Lettera dal Congo di Fr. Adolfo

Amare tutti senza amare nessuno in particolare…
Ecco – in sintesi – quello che ci dicevano negli ultimi giorni della preparazione missionaria a Bruxelles, prima di partire per la destinazione prevista.
E quando ce lo dicevano sembrava tutto così logico… come dire che due più due fa quattro.
Così logico ed evangelico andare per il mondo con il cuore pieno solo di Dio, curando i malati, guarendo i lebbrosi… senza legare il cuore in nessun luogo particolare.
Ma poi? Potrei dire davvero di aver amato? O non sarei stato forse un semplice funzionario del sacro, un uomo che ha rinunciato ad avere un cuore per essere solo un esecutore (più o meno) perfetto, fosse anche della Parola di Dio?
E come per tutte le altre cose, un conto è preparare il piano a tavolino, altro è fare i conti con la realtà, vissuta e condivisa 24 ore su 24 con dei fratelli e delle sorelle che il Signore ti ha dato.
Quando sono arrivato qui avevo in mente tutti quegli insegnamenti, soprattutto quelli legati all’affettività: attento a questo, attento a quello, non fare questo evita quello…
Ma quando vivi per tanti anni con delle persone, soprattutto con i più poveri, che il Signore stesso ha messo sul tuo sentiero, come fai ad amare in modo asettico?

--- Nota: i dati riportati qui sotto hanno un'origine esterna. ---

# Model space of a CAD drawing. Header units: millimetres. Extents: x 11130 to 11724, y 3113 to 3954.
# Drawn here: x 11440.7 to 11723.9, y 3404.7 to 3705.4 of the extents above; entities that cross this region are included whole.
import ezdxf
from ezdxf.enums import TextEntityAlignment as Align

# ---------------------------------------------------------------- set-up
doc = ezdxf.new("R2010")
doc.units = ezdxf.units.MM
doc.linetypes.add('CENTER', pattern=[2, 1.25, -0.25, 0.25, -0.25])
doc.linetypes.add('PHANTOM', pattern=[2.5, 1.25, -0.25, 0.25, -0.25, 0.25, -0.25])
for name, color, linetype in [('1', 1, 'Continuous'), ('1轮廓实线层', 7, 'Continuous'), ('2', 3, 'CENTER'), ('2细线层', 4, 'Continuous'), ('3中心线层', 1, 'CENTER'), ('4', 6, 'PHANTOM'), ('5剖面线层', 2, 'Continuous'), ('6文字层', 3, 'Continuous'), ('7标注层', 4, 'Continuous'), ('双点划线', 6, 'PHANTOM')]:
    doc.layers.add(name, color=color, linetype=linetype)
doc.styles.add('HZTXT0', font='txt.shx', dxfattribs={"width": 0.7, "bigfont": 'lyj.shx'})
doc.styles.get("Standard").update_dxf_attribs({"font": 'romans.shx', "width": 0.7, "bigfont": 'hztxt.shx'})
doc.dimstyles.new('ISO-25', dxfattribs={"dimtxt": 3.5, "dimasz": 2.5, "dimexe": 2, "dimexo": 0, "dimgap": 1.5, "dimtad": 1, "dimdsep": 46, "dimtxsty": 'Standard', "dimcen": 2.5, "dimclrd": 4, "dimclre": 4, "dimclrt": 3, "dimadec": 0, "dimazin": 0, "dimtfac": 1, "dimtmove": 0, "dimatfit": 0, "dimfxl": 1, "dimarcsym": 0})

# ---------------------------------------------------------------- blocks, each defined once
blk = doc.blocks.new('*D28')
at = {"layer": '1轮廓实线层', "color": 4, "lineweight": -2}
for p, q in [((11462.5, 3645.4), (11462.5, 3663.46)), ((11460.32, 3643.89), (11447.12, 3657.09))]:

Come non affezionarsi a chi ti fa partecipe della sua vita, farli partecipi della tua, progettare insieme un futuro, soffrire insieme per i dispiaceri, gioire insieme per le buone riuscite, piangere insieme per le sconfitte?
Quando incontri una persona, questa comincia a far parte della tua vita, non può essere solo l’oggetto della tua carità o della tua azione evangelizzatrice. Anche lei è un soggetto, che è di fronte a te e con la quale stabilisci delle relazioni, anche profonde e personali. E anche lei è portatrice di una parola di Dio per te.
Già perché la Parola di Dio non è solo quella che leggiamo nella Bibbia. Alla lunga quella rischia di diventare archeologia se ci limitiamo alla lettera.
Ma se la “lettera” è compresa nello “Spirito” allora vediamo che dal principio Dio dice e fa.
Questo vuol dire che ciò che Dio ha fatto (tutto ciò che esiste) è una Parola di Dio, qualcosa che prima ancora di essere “creata” è stata “detta” da Dio.
La creazione è “il modo di parlare di Dio”. Ed è questa realtà che ci circonda – vivente o no, secondo i nostri canoni – la grande Parola di Dio. E se lo è nelle realtà (che noi consideriamo) inanimate (il cielo, le stelle, la terra…) così come in quelle dotate di vita (i fiori, gli alberi, gli animali…), quanto a maggior ragione per quella realtà che è la persona umana.
Questa gente, questa persona in particolare, questo giovane che è cresciuto con noi nel centro, questa vecchietta che vive da sola nel nostro quartiere… tutto ciò è una Parola che Dio oggi rivolge a me, che ne prenda coscienza o no.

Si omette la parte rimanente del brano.